As mentioned in the first section, the initial motivation of L-Isomap is the first topic, that is, improving the computational efficiency of the global approaches. By approximating a large global computation through calculations of a much smaller set, L-Isomap significantly decreases the computational complexity of Isomap to almost linearly increasing with the number of input data set, which makes L-Isomap comparable to the local approaches in this point.

The main motivation of EL-Isomap is changed to the second topic, that is, enlarging the range of data manifolds, on which the global approaches can implement effective manifold learning. Furthermore, the algorithm also inherits the high efficiency property of L-Isomap.

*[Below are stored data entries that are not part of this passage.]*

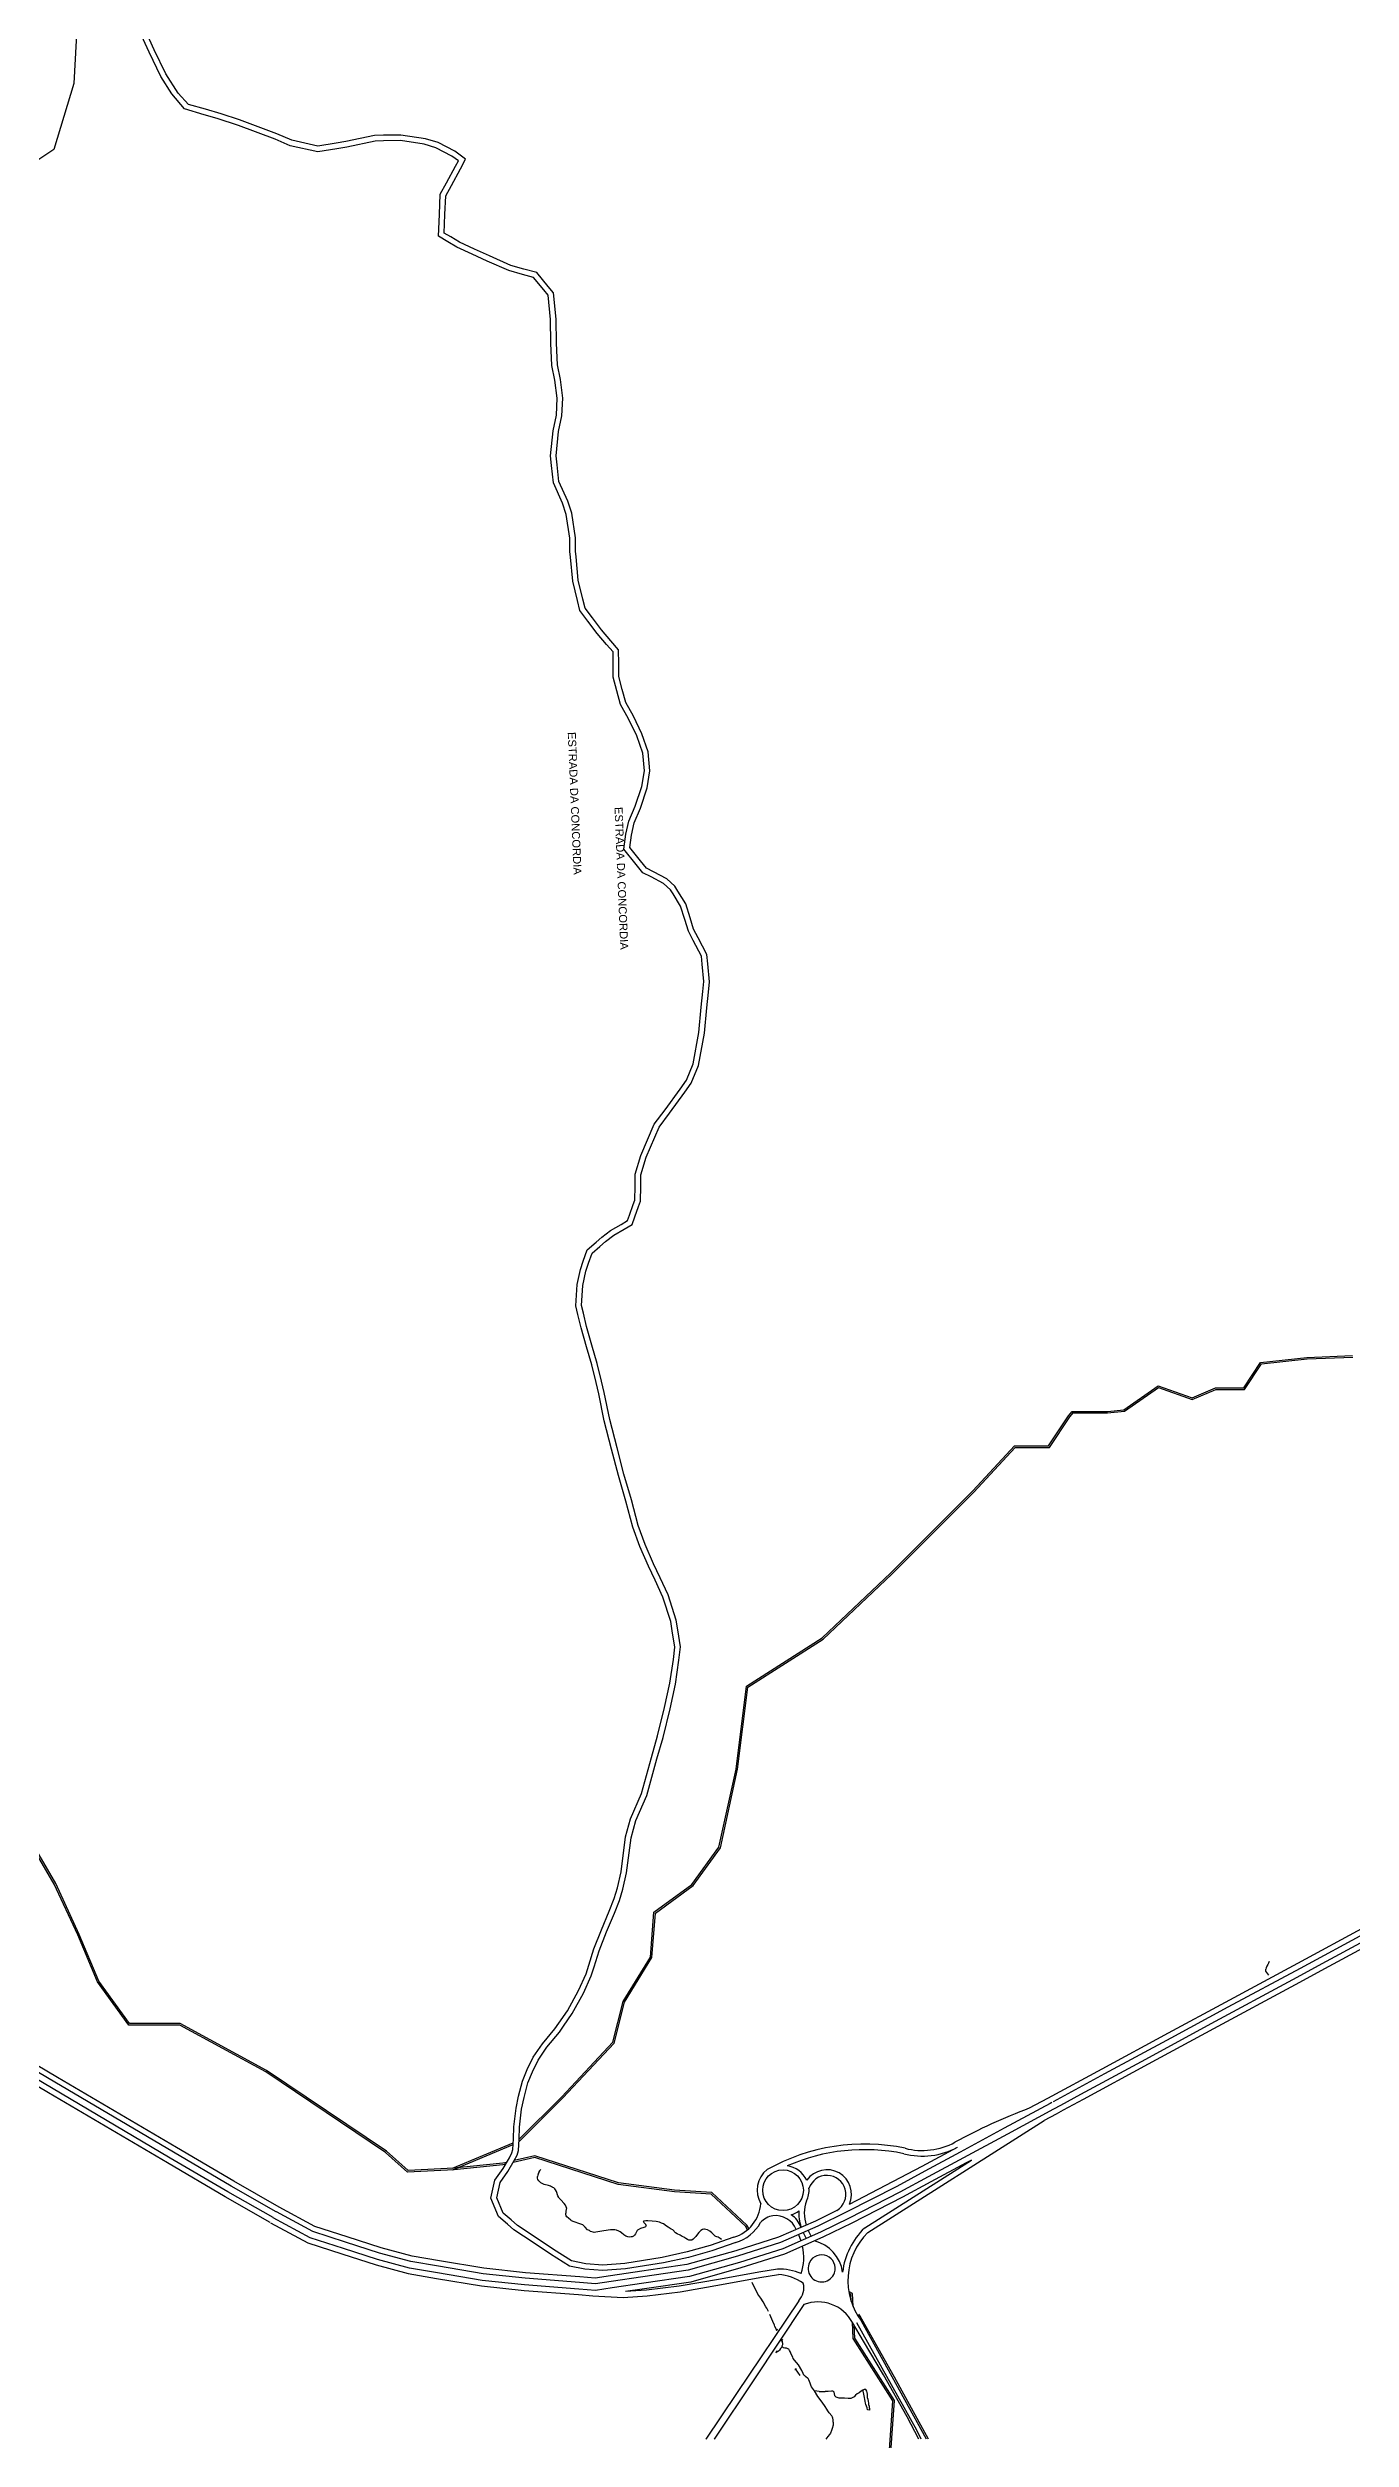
# Model space of a CAD drawing. Header units: millimetres. Extents: x 583 to 26013, y 350 to 21391.
# Drawn here: x 8091 to 9720, y 15884 to 18872 of the extents above; entities that cross this region are included whole.
import ezdxf

# ---------------------------------------------------------------- set-up
doc = ezdxf.new("R2010")
doc.units = ezdxf.units.MM
for name, color, linetype in [('105-QUADRAS_ESTRADAS', 80, 'Continuous'), ('145-', 130, 'Continuous'), ('divisa municipio', 40, 'Continuous'), ('don gabriel', 150, 'Continuous'), ('estrada interna', 61, 'Continuous'), ('RIOS', 140, 'Continuous')]:
    doc.layers.add(name, color=color, linetype=linetype)
doc.styles.add('EU', font='arial.ttf', dxfattribs={"height": 10})

msp = doc.modelspace()

# ---------------------------------------------------------------- linework, layer by layer
at = {"color": 0, "linetype": 'Continuous'}
for p, q in [((9029.21348, 16139.67069), (9032.29941, 16131.96083)), ((9035.14848, 16142.27647), (9038.76167, 16134.7981)), ((9041.09268, 16144.88629), (9044.8354, 16137.46479))]:
    msp.add_line(p, q, dxfattribs=at)
at = {"color": 0}
for points in [[(8719.30433, 16115.35748), (8697.45123, 16129.75702), (8673.65462, 16145.56535), (8665.42876, 16152.63682), (8654.20869, 16162.2823), (8644.9132, 16185.04317), (8649.91259, 16207.5315), (8660.10813, 16222.39381), (8667.90427, 16235.62561), (8671.09644, 16241.67038), (8672.28214, 16246.00163), (8673.14854, 16259.19355), (8673.41055, 16274.46385), (8676.30665, 16297.46063), (8679.48256, 16312.5098), (8684.44555, 16331.41163), (8690.31204, 16346.01739), (8697.64265, 16361.27679), (8709.2856, 16378.05172), (8724.77702, 16396.83026), (8729.74298, 16403.98435), (8740.4915, 16419.46893), (8754.21776, 16444.545), (8763.71527, 16465.63441), (8767.30348, 16476.57409), (8773.29147, 16496.582), (8782.82919, 16520.65769), (8792.81216, 16543.97649), (8798.84265, 16559.56896), (8802.83001, 16573.19343), (8807.54467, 16593.03958), (8813.03262, 16636.72369), (8819.37077, 16659.35565), (8832.87408, 16690.89044), (8845.5607, 16736.03033), (8853.13105, 16762.80509), (8861.84212, 16798.38018), (8868.45023, 16828.97236), (8872.8892, 16858.31036), (8874.52899, 16873.85183), (8871.41565, 16894.26114), (8869.63337, 16905.94478), (8859.68206, 16936.43394), (8850.0276, 16957.33766), (8841.74648, 16975.19172), (8830.99167, 16999.57172), (8822.32969, 17023.62631), (8813.5971, 17056.16866), (8804.17316, 17088.11596), (8795.67142, 17121.07374), (8786.43403, 17156.57693), (8779.65502, 17190.39786), (8776.29509, 17204.40291), (8770.99476, 17226.49608), (8764.17082, 17249.05864), (8757.58809, 17272.76157), (8753.53925, 17289.55826), (8750.97557, 17300.19372), (8752.70455, 17326.90362), (8756.67811, 17345.72397), (8760.24658, 17355.95438), (8765.28886, 17370.41005), (8776.24715, 17379.91485), (8783.54484, 17386.24458), (8794.46636, 17394.28655), (8807.59441, 17402.155), (8815.44426, 17406.85989), (8817.99524, 17413.82145), (8822.75553, 17426.81221), (8824.86924, 17432.58046), (8825.07292, 17449.99936), (8825.24888, 17465.0468), (8832.18897, 17488.41362), (8848.87721, 17527.30658), (8862.56182, 17545.46095), (8881.29051, 17571.26939), (8889.04919, 17582.16825), (8897.41143, 17602.79987), (8904.72391, 17641.86489), (8907.48181, 17673.58849), (8909.57128, 17693.05746), (8910.90278, 17705.46385), (8908.88509, 17727.182), (8907.93195, 17737.44154), (8897.6972, 17756.95902), (8891.61654, 17768.55473), (8887.05736, 17783.2703), (8881.91183, 17799.87843), (8872.60874, 17815.0606), (8869.34941, 17820.37966), (8860.64763, 17828.07998), (8844.90478, 17836.31296), (8834.8694, 17841.56112), (8826.44519, 17851.9534), (8810.89834, 17871.13233), (8813.53151, 17889.61767), (8817.10751, 17905.97976), (8825.13297, 17924.84409), (8833.42773, 17949.17072), (8836.56214, 17969.12607), (8834.548, 17991.10647), (8827.07041, 18012.55456), (8816.93328, 18033.92901), (8806.87227, 18051.8288), (8802.23333, 18068.92101), (8797.65536, 18085.78862), (8797.54124, 18102.60097), (8797.4404, 18117.45718), (8789.41479, 18126.85272), (8777.671, 18140.60112), (8766.10473, 18156.02967), (8756.12865, 18169.33703), (8753.0674, 18181.88431), (8747.14534, 18206.15732), (8744.29267, 18235.85379), (8743.60426, 18243.02011), (8743.64191, 18259.72829), (8739.07586, 18289.38974), (8734.33043, 18303.40161), (8722.87356, 18328.81009), (8720.56708, 18350.58671), (8719.29079, 18362.63679), (8722.43591, 18394.00921), (8726.59308, 18413.59134), (8727.60583, 18434.53472), (8724.89115, 18457.02052), (8720.90353, 18475.36973), (8719.73287, 18503.27921), (8719.18023, 18533.16298), (8716.32502, 18563.43168), (8710.97046, 18569.90972), (8698.18473, 18585.37813), (8684.14936, 18589.28336), (8667.19549, 18594.00064), (8640.23796, 18605.96431), (8621.22488, 18614.40225), (8602.34702, 18623.52325), (8591.19613, 18630.03099), (8579.17754, 18637.04513), (8580.39092, 18664.29421), (8581.51763, 18689.59711), (8589.28574, 18703.88852), (8600.58974, 18724.68508), (8604.17281, 18731.27704), (8596.09906, 18737.20507), (8576.18172, 18747.68725), (8561.48772, 18751.9902), (8531.74927, 18756.49165), (8510.79328, 18756.16956), (8500.26385, 18756.00773), (8464.75474, 18748.3774), (8452.37177, 18746.40722), (8428.53335, 18742.61444), (8393.88084, 18750.19493), (8375.16415, 18758.18488), (8329.59105, 18775.48984), (8302.5965, 18784.17082), (8286.48649, 18788.90833), (8262.08199, 18796.18022), (8245.95102, 18815.10373), (8232.50059, 18836.4971), (8217.80675, 18867.05837), (8205.72408, 18893.49597)], [(8723.15585, 16121.20264), (8701.31369, 16135.59496), (8677.88912, 16151.15614), (8669.992, 16157.945), (8660.05125, 16166.4907), (8652.22169, 16185.66211), (8656.45164, 16204.68935), (8666.01679, 16218.63272), (8674.01803, 16232.21263), (8677.64514, 16239.08101), (8679.22069, 16244.83631), (8680.14461, 16258.90396), (8680.40302, 16273.96503), (8683.2156, 16296.29862), (8686.29644, 16310.89728), (8691.10466, 16329.20966), (8696.72165, 16343.19424), (8703.71101, 16357.7433), (8714.87039, 16373.82151), (8730.3617, 16392.59991), (8735.49338, 16399.99275), (8746.45355, 16415.78224), (8760.48867, 16441.42255), (8770.25067, 16463.09925), (8773.98335, 16474.47941), (8779.91084, 16494.28513), (8789.30191, 16517.99066), (8799.29611, 16541.33569), (8805.4779, 16557.31937), (8809.59882, 16571.40022), (8814.4428, 16591.79071), (8819.91331, 16635.33596), (8825.98711, 16657.02399), (8839.48913, 16688.55579), (8852.29812, 16734.13108), (8859.90071, 16761.01984), (8868.66407, 16796.80847), (8875.33868, 16827.70854), (8879.83402, 16857.41905), (8881.58507, 16874.01506), (8878.3356, 16895.31674), (8876.4665, 16907.56947), (8866.20917, 16938.99624), (8856.38017, 16960.27787), (8848.1244, 16978.07728), (8837.49486, 17002.17331), (8829.01474, 17025.72288), (8820.33553, 17058.06633), (8810.9212, 17089.98101), (8802.44771, 17122.82928), (8793.25849, 17158.14735), (8786.49261, 17191.90276), (8783.10195, 17206.03593), (8777.75404, 17228.32737), (8770.89419, 17251.00869), (8764.365, 17274.51884), (8760.34433, 17291.19863), (8758.02956, 17300.80149), (8759.65744, 17325.94962), (8763.43479, 17343.84058), (8766.85604, 17353.64893), (8771.28416, 17366.34389), (8780.83376, 17374.62684), (8787.92039, 17380.77351), (8798.34967, 17388.45303), (8811.19306, 17396.15085), (8821.16546, 17402.12792), (8824.56786, 17411.41299), (8829.32816, 17424.40375), (8831.85473, 17431.29872), (8832.07245, 17449.91751), (8832.23699, 17463.98922), (8838.78292, 17486.02892), (8854.97637, 17523.76875), (8854.97637, 17523.76875), (8868.18991, 17541.29818), (8886.97466, 17567.18386), (8895.22809, 17578.77771), (8904.16268, 17600.82147), (8911.66778, 17640.9155), (8914.44939, 17672.91181), (8916.53131, 17692.31049), (8917.93759, 17705.41363), (8915.85508, 17727.82953), (8914.77393, 17739.46691), (8903.89654, 17760.20989), (8898.1134, 17771.23825), (8893.7438, 17785.3419), (8888.33869, 17802.78787), (8878.57732, 17818.71793), (8874.77154, 17824.92876), (8864.64759, 17833.88758), (8848.14872, 17842.51593), (8839.39583, 17847.09339), (8831.88299, 17856.36139), (8818.259, 17873.16822), (8820.42517, 17888.3751), (8823.80588, 17903.84366), (8831.67521, 17922.34098), (8840.24885, 17947.48552), (8843.61228, 17968.8989), (8841.44045, 17992.6002), (8833.55637, 18015.21423), (8823.15417, 18037.14759), (8813.40024, 18054.50105), (8808.98894, 18070.75453), (8804.64902, 18086.74499), (8804.54108, 18102.64848), (8804.42289, 18120.06037), (8794.73733, 18131.3992), (8783.13825, 18144.9782), (8771.70562, 18160.22848), (8762.5894, 18172.38885), (8759.86792, 18183.54348), (8754.06515, 18207.3276), (8751.26059, 18236.52314), (8750.60502, 18243.34768), (8750.64312, 18260.25608), (8745.90158, 18291.05753), (8740.85146, 18305.96905), (8729.71637, 18330.66391), (8727.52814, 18351.32399), (8726.32786, 18362.65651), (8729.36281, 18392.93003), (8733.55766, 18412.68964), (8734.6262, 18434.78696), (8731.80129, 18458.18586), (8727.87208, 18476.26629), (8726.73016, 18503.49063), (8726.17414, 18533.55695), (8726.17414, 18533.55695), (8723.09192, 18566.23219), (8716.36591, 18574.36944), (8702.17938, 18591.53256), (8686.02577, 18596.02718), (8669.56612, 18600.60695), (8643.07747, 18612.36253), (8624.16805, 18620.75446), (8605.63886, 18629.707), (8594.72446, 18636.07673), (8586.35876, 18640.95901), (8586.35876, 18640.95901), (8587.38399, 18663.98282), (8588.43888, 18687.67274), (8595.43592, 18700.54558), (8606.73992, 18721.34214), (8613.24122, 18733.30293), (8599.82111, 18743.15644), (8578.82158, 18754.20816), (8563.00201, 18758.84072), (8532.22254, 18763.49975), (8510.6857, 18763.16874), (8499.46711, 18762.99631), (8463.46856, 18755.2608), (8451.27188, 18753.32027), (8428.73842, 18749.73511), (8396.02183, 18756.89211), (8377.2817, 18764.89206), (8330.74536, 18782.60033), (8307.64755, 18789.98185), (8288.25353, 18795.68509), (8267.04466, 18801.65061), (8253.90308, 18815.60714), (8238.63757, 18839.88745), (8238.63757, 18839.88745), (8224.145, 18870.03011), (8212.31394, 18895.91716)]]:
    msp.add_lwpolyline(points, dxfattribs=at)
at = {"color": 0, "linetype": 'Continuous'}
for points in [[(9115.64273, 16142.12378), (9336.34347, 16282.27074)], [(9111.8903, 16148.03303), (9245.32275, 16232.76384)], [(8950.82801, 16129.76386), (8921.01131, 16119.36597), (8891.68277, 16111.19972), (8860.35309, 16104.17659), (8812.82417, 16096.68268), (8784.59991, 16094.59571), (8762.28931, 16096.26841), (8743.09089, 16100.24556), (8719.30433, 16115.35748)], [(8948.52305, 16136.37349), (8918.91786, 16126.04935), (8889.97724, 16117.99112), (8859.04104, 16111.0562), (8812.01959, 16103.6423), (8784.60351, 16101.61509), (8763.26505, 16103.2149), (8745.65825, 16106.86233), (8723.15585, 16121.20264)], [(8772.26349, 16063.22325), (8810.13209, 16061.25414), (8839.97974, 16063.11191), (8881.22624, 16068.15442), (8933.02456, 16077.2688), (8980.77331, 16085.85676), (9004.24776, 16089.74291), (9004.24776, 16089.74291)], [(9003.10448, 16096.64892), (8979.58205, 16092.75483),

Particularly, the construction of EL-Isomap is motivated heuristically by the following facts. The related information utilized by Isomap is the estimated geodesic distances between all data pairs, while, for the L-Isomap, those become the estimated geodesic distances between all data and the landmarks, a small subset of the original data set. Except the reduction of computational complexity, this also brings another extra advantage to L-Isomap: even when some of the geodesic distances (between nonlandmarks) are impossible, or not easy, or not faithful to be estimated (as the geodesic distance between A and B in Figure 1), L-Isomap can still take effect. So far, the first advantage is confirmed and emphasized in the applications of L-Isomap. Yet the second one is still exhibited very limitedly and almost ignored by the users of the method [9, 16]. The reason is that the extensive effective range brought by L-Isomap is still not conspicuous. Through developing the EL-Isomap, which utilizes the information decreased to the estimated geodesic distances between each input datum and part of the corresponding landmarks, we aim at highlighting the second advantage to let it also be a focus of attention.